* **Required work**
Among the records that follow, set down only the lines from the one containing "line L227 (-24.8744, 60.0522)" to the one containing "line L235 (-9.7367, 66.2963)", both included, exactly.

* **Input data**
—————

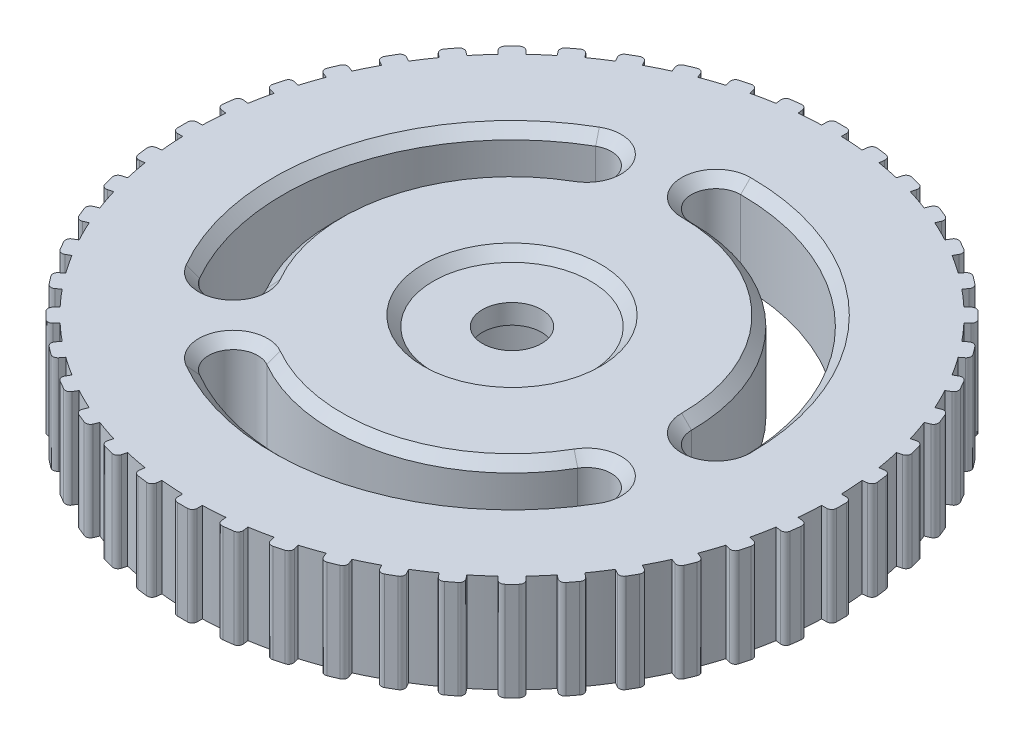
SolidWorks part; units mm, degrees
ref_plane "Front Plane" through (0, 0, 0) normal (0, 0, 1) x (1, 0, 0)
ref_plane "Top Plane" through (0, 0, 0) normal (0, 1, 0) x (1, 0, 0)
ref_plane "Right Plane" through (0, 0, 0) normal (1, 0, 0) x (0, 0, -1)
sketch "Sketch1" plane through (0, 0, 0) normal (0, 1, 0) x (1, 0, 0)
  line L0 (0, 65) -> (2, 65)
  line L1 (0, 65) -> (-2, 65)
  line L2 (-2, 65) -> (-2, 66)
  line L3 (2, 65) -> (2, 66)
  line L4 (-1, 67) -> (1, 67)
  line L5 (7.7538, 66.5573) -> (9.7367, 66.2963)
  line L6 (10.4671, 64.1829) -> (10.5976, 65.1743)
  line L7 (8.4842, 64.4439) -> (10.4671, 64.1829)
  line L8 (8.4842, 64.4439) -> (6.5013, 64.705)
  line L9 (6.5013, 64.705) -> (6.6318, 65.6964)
  line L10 (16.375, 64.9758) -> (18.3068, 64.4582)
  line L11 (18.7551, 62.2675) -> (19.0139, 63.2335)
  line L12 (16.8232, 62.7852) -> (18.7551, 62.2675)
  line L13 (16.8232, 62.7852) -> (14.8914, 63.3028)
  line L14 (14.8914, 63.3028) -> (15.1502, 64.2687)
  line L15 (24.7159, 62.2826) -> (26.5637, 61.5172)
  line L16 (26.7222, 59.2868) -> (27.1049, 60.2107)
  line L17 (24.8744, 60.0522) -> (26.7222, 59.2868)
  line L18 (24.8744, 60.0522) -> (23.0267, 60.8175)
  line L19 (23.0267, 60.8175) -> (23.4093, 61.7414)
  line L20 (32.634, 58.5237) -> (34.366, 57.5237)
  line L21 (34.2321, 55.2917) -> (34.7321, 56.1577)
  line L22 (32.5, 56.2917) -> (34.2321, 55.2917)
  line L23 (32.5, 56.2917) -> (30.7679, 57.2917)
  line L24 (30.7679, 57.2917) -> (31.2679, 58.1577)
  line L25 (39.9937, 53.7634) -> (41.5804, 52.5459)
  line L26 (41.1562, 50.3504) -> (41.765, 51.1438)
  line L27 (39.5695, 51.568) -> (41.1562, 50.3504)
  line L28 (39.5695, 51.568) -> (37.9828, 52.7855)
  line L29 (37.9828, 52.7855) -> (38.5915, 53.5788)
  line L30 (46.669, 48.0833) -> (48.0833, 46.669)
  line L31 (47.3762, 44.5477) -> (48.0833, 45.2548)
  line L32 (45.9619, 45.9619) -> (47.3762, 44.5477)
  line L33 (45.9619, 45.9619) -> (44.5477, 47.3762)
  line L34 (44.5477, 47.3762) -> (45.2548, 48.0833)
  line L35 (52.5459, 41.5804) -> (53.7634, 39.9937)
  line L36 (52.7855, 37.9828) -> (53.5788, 38.5915)
  line L37 (51.568, 39.5695) -> (52.7855, 37.9828)
  line L38 (51.568, 39.5695) -> (50.3504, 41.1562)
  line L39 (50.3504, 41.1562) -> (51.1438, 41.765)
  line L40 (57.5237, 34.366) -> (58.5237, 32.634)
  line L41 (57.2917, 30.7679) -> (58.1577, 31.2679)
  line L42 (56.2917, 32.5) -> (57.2917, 30.7679)
  line L43 (56.2917, 32.5) -> (55.2917, 34.2321)
  line L44 (55.2917, 34.2321) -> (56.1577, 34.7321)
  line L45 (61.5172, 26.5637) -> (62.2826, 24.7159)
  line L46 (60.8175, 23.0267) -> (61.7414, 23.4093)
  line L47 (60.0522, 24.8744) -> (60.8175, 23.0267)
  line L48 (60.0522, 24.8744) -> (59.2868, 26.7222)
  line L49 (59.2868, 26.7222) -> (60.2107, 27.1049)
  line L50 (64.4582, 18.3068) -> (64.9758, 16.375)
  line L51 (63.3028, 14.8914) -> (64.2687, 15.1502)
  line L52 (62.7852, 16.8232) -> (63.3028, 14.8914)
  line L53 (62.7852, 16.8232) -> (62.2675, 18.7551)
  line L54 (62.2675, 18.7551) -> (63.2335, 19.0139)
  line L55 (66.2963, 9.7367) -> (66.5573, 7.7538)
  line L56 (64.705, 6.5013) -> (65.6964, 6.6318)
  line L57 (64.4439, 8.4842) -> (64.705, 6.5013)
  line L58 (64.4439, 8.4842) -> (64.1829, 10.4671)
  line L59 (64.1829, 10.4671) -> (65.1743, 10.5976)
  line L60 (67, 1) -> (67, -1)
  line L61 (65, -2) -> (66, -2)
  line L62 (65, 0) -> (65, -2)
  line L63 (65, 0) -> (65, 2)
  line L64 (65, 2) -> (66, 2)
  line L65 (66.5573, -7.7538) -> (66.2963, -9.7367)
  line L66 (64.1829, -10.4671) -> (65.1743, -10.5976)
  line L67 (64.4439, -8.4842) -> (64.1829, -10.4671)
  line L68 (64.4439, -8.4842) -> (64.705, -6.5013)
  line L69 (64.705, -6.5013) -> (65.6964, -6.6318)
  line L70 (64.9758, -16.375) -> (64.4582, -18.3068)
  line L71 (62.2675, -18.7551) -> (63.2335, -19.0139)
  line L72 (62.7852, -16.8232) -> (62.2675, -18.7551)
  line L73 (62.7852, -16.8232) -> (63.3028, -14.8914)
  line L74 (63.3028, -14.8914) -> (64.2687, -15.1502)
  line L75 (62.2826, -24.7159) -> (61.5172, -26.5637)
  line L76 (59.2868, -26.7222) -> (60.2107, -27.1049)
  line L77 (60.0522, -24.8744) -> (59.2868, -26.7222)
  line L78 (60.0522, -24.8744) -> (60.8175, -23.0267)
  line L79 (60.8175, -23.0267) -> (61.7414, -23.4093)
  line L80 (58.5237, -32.634) -> (57.5237, -34.366)
  line L81 (55.2917, -34.2321) -> (56.1577, -34.7321)
  line L82 (56.2917, -32.5) -> (55.2917, -34.2321)
  line L83 (56.2917, -32.5) -> (57.2917, -30.7679)
  line L84 (57.2917, -30.7679) -> (58.1577, -31.2679)
  line L85 (53.7634, -39.9937) -> (52.5459, -41.5804)
  line L86 (50.3504, -41.1562) -> (51.1438, -41.765)
  line L87 (51.568, -39.5695) -> (50.3504, -41.1562)
  line L88 (51.568, -39.5695) -> (52.7855, -37.9828)
  line L89 (52.7855, -37.9828) -> (53.5788, -38.5915)
  line L90 (48.0833, -46.669) -> (46.669, -48.0833)
  line L91 (44.5477, -47.3762) -> (45.2548, -48.0833)
  line L92 (45.9619, -45.9619) -> (44.5477, -47.3762)
  line L93 (45.9619, -45.9619) -> (47.3762, -44.5477)
  line L94 (47.3762, -44.5477) -> (48.0833, -45.2548)
  line L95 (41.5804, -52.5459) -> (39.9937, -53.7634)
  line L96 (37.9828, -52.7855) -> (38.5915, -53.5788)
  line L97 (39.5695, -51.568) -> (37.9828, -52.7855)
  line L98 (39.5695, -51.568) -> (41.1562, -50.3504)
  line L99 (41.1562, -50.3504) -> (41.765, -51.1438)
  line L100 (34.366, -57.5237) -> (32.634, -58.5237)
  line L101 (30.7679, -57.2917) -> (31.2679, -58.1577)
  line L102 (32.5, -56.2917) -> (30.7679, -57.2917)
  line L103 (32.5, -56.2917) -> (34.2321, -55.2917)
  line L104 (34.2321, -55.2917) -> (34.7321, -56.1577)
  line L105 (26.5637, -61.5172) -> (24.7159, -62.2826)
  line L106 (23.0267, -60.8175) -> (23.4093, -61.7414)
  line L107 (24.8744, -60.0522) -> (23.0267, -60.8175)
  line L108 (24.8744, -60.0522) -> (26.7222, -59.2868)
  line L109 (26.7222, -59.2868) -> (27.1049, -60.2107)
  line L110 (18.3068, -64.4582) -> (16.375, -64.9758)
  line L111 (14.8914, -63.3028) -> (15.1502, -64.2687)
  line L112 (16.8232, -62.7852) -> (14.8914, -63.3028)
  line L113 (16.8232, -62.7852) -> (18.7551, -62.2675)
  line L114 (18.7551, -62.2675) -> (19.0139, -63.2335)
  line L115 (9.7367, -66.2963) -> (7.7538, -66.5573)
  line L116 (6.5013, -64.705) -> (6.6318, -65.6964)
  line L117 (8.4842, -64.4439) -> (6.5013, -64.705)
  line L118 (8.4842, -64.4439) -> (10.4671, -64.1829)
  line L119 (10.4671, -64.1829) -> (10.5976, -65.1743)
  line L120 (1, -67) -> (-1, -67)
  line L121 (-2, -65) -> (-2, -66)
  line L122 (0, -65) -> (-2, -65)
  line L123 (0, -65) -> (2, -65)
  line L124 (2, -65) -> (2, -66)
  line L125 (-7.7538, -66.5573) -> (-9.7367, -66.2963)
  line L126 (-10.4671, -64.1829) -> (-10.5976, -65.1743)
  line L127 (-8.4842, -64.4439) -> (-10.4671, -64.1829)
  line L128 (-8.4842, -64.4439) -> (-6.5013, -64.705)
  line L129 (-6.5013, -64.705) -> (-6.6318, -65.6964)
  line L130 (-16.375, -64.9758) -> (-18.3068, -64.4582)
  line L131 (-18.7551, -62.2675) -> (-19.0139, -63.2335)
  line L132 (-16.8232, -62.7852) -> (-18.7551, -62.2675)
  line L133 (-16.8232, -62.7852) -> (-14.8914, -63.3028)
  line L134 (-14.8914, -63.3028) -> (-15.1502, -64.2687)
  line L135 (-24.7159, -62.2826) -> (-26.5637, -61.5172)
  line L136 (-26.7222, -59.2868) -> (-27.1049, -60.2107)
  line L137 (-24.8744, -60.0522) -> (-26.7222, -59.2868)
  line L138 (-24.8744, -60.0522) -> (-23.0267, -60.8175)
  line L139 (-23.0267, -60.8175) -> (-23.4093, -61.7414)
  line L140 (-32.634, -58.5237) -> (-34.366, -57.5237)
  line L141 (-34.2321, -55.2917) -> (-34.7321, -56.1577)
  line L142 (-32.5, -56.2917) -> (-34.2321, -55.2917)
  line L143 (-32.5, -56.2917) -> (-30.7679, -57.2917)
  line L144 (-30.7679, -57.2917) -> (-31.2679, -58.1577)
  line L145 (-39.9937, -53.7634) -> (-41.5804, -52.5459)
  line L146 (-41.1562, -50.3504) -> (-41.765, -51.1438)
  line L147 (-39.5695, -51.568) -> (-41.1562, -50.3504)
  line L148 (-39.5695, -51.568) -> (-37.9828, -52.7855)
  line L149 (-37.9828, -52.7855) -> (-38.5915, -53.5788)
  line L150 (-46.669, -48.0833) -> (-48.0833, -46.669)
  line L151 (-47.3762, -44.5477) -> (-48.0833, -45.2548)
  line L152 (-45.9619, -45.9619) -> (-47.3762, -44.5477)
  line L153 (-45.9619, -45.9619) -> (-44.5477, -47.3762)
  line L154 (-44.5477, -47.3762) -> (-45.2548, -48.0833)
  line L155 (-52.5459, -41.5804) -> (-53.7634, -39.9937)
  line L156 (-52.7855, -37.9828) -> (-53.5788, -38.5915)
  line L157 (-51.568, -39.5695) -> (-52.7855, -37.9828)
  line L158 (-51.568, -39.5695) -> (-50.3504, -41.1562)
  line L159 (-50.3504, -41.1562) -> (-51.1438, -41.765)
  line L160 (-57.5237, -34.366) -> (-58.5237, -32.634)
  line L161 (-57.2917, -30.7679) -> (-58.1577, -31.2679)
  line L162 (-56.2917, -32.5) -> (-57.2917, -30.7679)
  line L163 (-56.2917, -32.5) -> (-55.2917, -34.2321)
  line L164 (-55.2917, -34.2321) -> (-56.1577, -34.7321)
  line L165 (-61.5172, -26.5637) -> (-62.2826, -24.7159)
  line L166 (-60.8175, -23.0267) -> (-61.7414, -23.4093)
  line L167 (-60.0522, -24.8744) -> (-60.8175, -23.0267)
  line L168 (-60.0522, -24.8744) -> (-59.2868, -26.7222)
  line L169 (-59.2868, -26.7222) -> (-60.2107, -27.1049)
  line L170 (-64.4582, -18.3068) -> (-64.9758, -16.375)
  line L171 (-63.3028, -14.8914) -> (-64.2687, -15.1502)
  line L172 (-62.7852, -16.8232) -> (-63.3028, -14.8914)
  line L173 (-62.7852, -16.8232) -> (-62.2675, -18.7551)
  line L174 (-62.2675, -18.7551) -> (-63.2335, -19.0139)
  line L175 (-66.2963, -9.7367) -> (-66.5573, -7.7538)
  line L176 (-64.705, -6.5013) -> (-65.6964, -6.6318)
  line L177 (-64.4439, -8.4842) -> (-64.705, -6.5013)
  line L178 (-64.4439, -8.4842) -> (-64.1829, -10.4671)
  line L179 (-64.1829, -10.4671) -> (-65.1743, -10.5976)
  line L180 (-67, -1) -> (-67, 1)
  line L181 (-65, 2) -> (-66, 2)
  line L182 (-65, 0) -> (-65, 2)
  line L183 (-65, 0) -> (-65, -2)
  line L184 (-65, -2) -> (-66, -2)
  line L185 (-66.5573, 7.7538) -> (-66.2963, 9.7367)
  line L186 (-64.1829, 10.4671) -> (-65.1743, 10.5976)
  line L187 (-64.4439, 8.4842) -> (-64.1829, 10.4671)
  line L188 (-64.4439, 8.4842) -> (-64.705, 6.5013)
  line L189 (-64.705, 6.5013) -> (-65.6964, 6.6318)
  line L190 (-64.9758, 16.375) -> (-64.4582, 18.3068)
  line L191 (-62.2675, 18.7551) -> (-63.2335, 19.0139)
  line L192 (-62.7852, 16.8232) -> (-62.2675, 18.7551)
  line L193 (-62.7852, 16.8232) -> (-63.3028, 14.8914)
  line L194 (-63.3028, 14.8914) -> (-64.2687, 15.1502)
  line L195 (-62.2826, 24.7159) -> (-61.5172, 26.5637)
  line L196 (-59.2868, 26.7222) -> (-60.2107, 27.1049)
  line L197 (-60.0522, 24.8744) -> (-59.2868, 26.7222)
  line L198 (-60.0522, 24.8744) -> (-60.8175, 23.0267)
  line L199 (-60.8175, 23.0267) -> (-61.7414, 23.4093)
  line L200 (-58.5237, 32.634) -> (-57.5237, 34.366)
  line L201 (-55.2917, 34.2321) -> (-56.1577, 34.7321)
  line L202 (-56.2917, 32.5) -> (-55.2917, 34.2321)
  line L203 (-56.2917, 32.5) -> (-57.2917, 30.7679)
  line L204 (-57.2917, 30.7679) -> (-58.1577, 31.2679)
  line L205 (-53.7634, 39.9937) -> (-52.5459, 41.5804)
  line L206 (-50.3504, 41.1562) -> (-51.1438, 41.765)
  line L207 (-51.568, 39.5695) -> (-50.3504, 41.1562)
  line L208 (-51.568, 39.5695) -> (-52.7855, 37.9828)
  line L209 (-52.7855, 37.9828) -> (-53.5788, 38.5915)
  line L210 (-48.0833, 46.669) -> (-46.669, 48.0833)
  line L211 (-44.5477, 47.3762) -> (-45.2548, 48.0833)
  line L212 (-45.9619, 45.9619) -> (-44.5477, 47.3762)
  line L213 (-45.9619, 45.9619) -> (-47.3762, 44.5477)
  line L214 (-47.3762, 44.5477) -> (-48.0833, 45.2548)
  line L215 (-41.5804, 52.5459) -> (-39.9937, 53.7634)
  line L216 (-37.9828, 52.7855) -> (-38.5915, 53.5788)
  line L217 (-39.5695, 51.568) -> (-37.9828, 52.7855)
  line L218 (-39.5695, 51.568) -> (-41.1562, 50.3504)
  line L219 (-41.1562, 50.3504) -> (-41.765, 51.1438)
  line L220 (-34.366, 57.5237) -> (-32.634, 58.5237)
  line L221 (-30.7679, 57.2917) -> (-31.2679, 58.1577)
  line L222 (-32.5, 56.2917) -> (-30.7679, 57.2917)
  line L223 (-32.5, 56.2917) -> (-34.2321, 55.2917)
  line L224 (-34.2321, 55.2917) -> (-34.7321, 56.1577)
  line L225 (-26.5637, 61.5172) -> (-24.7159, 62.2826)
  line L226 (-23.0267, 60.8175) -> (-23.4093, 61.7414)
  line L227 (-24.8744, 60.0522) -> (-23.0267, 60.8175)
  line L228 (-24.8744, 60.0522) -> (-26.7222, 59.2868)
  line L229 (-26.7222, 59.2868) -> (-27.1049, 60.2107)
  line L230 (-18.3068, 64.4582) -> (-16.375, 64.9758)
  line L231 (-14.8914, 63.3028) -> (-15.1502, 64.2687)
  line L232 (-16.8232, 62.7852) -> (-14.8914, 63.3028)
  line L233 (-16.8232, 62.7852) -> (-18.7551, 62.2675)
  line L234 (-18.7551, 62.2675) -> (-19.0139, 63.2335)
  line L235 (-9.7367, 66.2963) -> (-7.7538, 66.5573)
  line L236 (-6.5013, 64.705) -> (-6.6318, 65.6964)
  line L237 (-8.4842, 64.4439) -> (-6.5013, 64.705)
  line L238 (-8.4842, 64.4439) -> (-10.4671, 64.1829)
  line L239 (-10.4671, 64.1829) -> (-10.5976, 65.1743)
  circle A0 centre (0, 0) radius 18.5
  circle A1 centre (0, 0) radius 65
  arc A2 (-2, 66) -> (-1, 67) centre (-1, 66) cw
  arc A3 (1, 67) -> (2, 66) centre (1, 66) cw
  arc A4 (9.7367, 66.2963) -> (10.5976, 65.1743) centre (9.6062, 65.3048) cw
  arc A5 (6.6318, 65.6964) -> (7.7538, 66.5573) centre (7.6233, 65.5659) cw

—————

* **Output for this exercise**
  line L227 (-24.8744, 60.0522) -> (-23.0267, 60.8175)
  line L228 (-24.8744, 60.0522) -> (-26.7222, 59.2868)
  line L229 (-26.7222, 59.2868) -> (-27.1049, 60.2107)
  line L230 (-18.3068, 64.4582) -> (-16.375, 64.9758)
  line L231 (-14.8914, 63.3028) -> (-15.1502, 64.2687)
  line L232 (-16.8232, 62.7852) -> (-14.8914, 63.3028)
  line L233 (-16.8232, 62.7852) -> (-18.7551, 62.2675)
  line L234 (-18.7551, 62.2675) -> (-19.0139, 63.2335)
  line L235 (-9.7367, 66.2963) -> (-7.7538, 66.5573)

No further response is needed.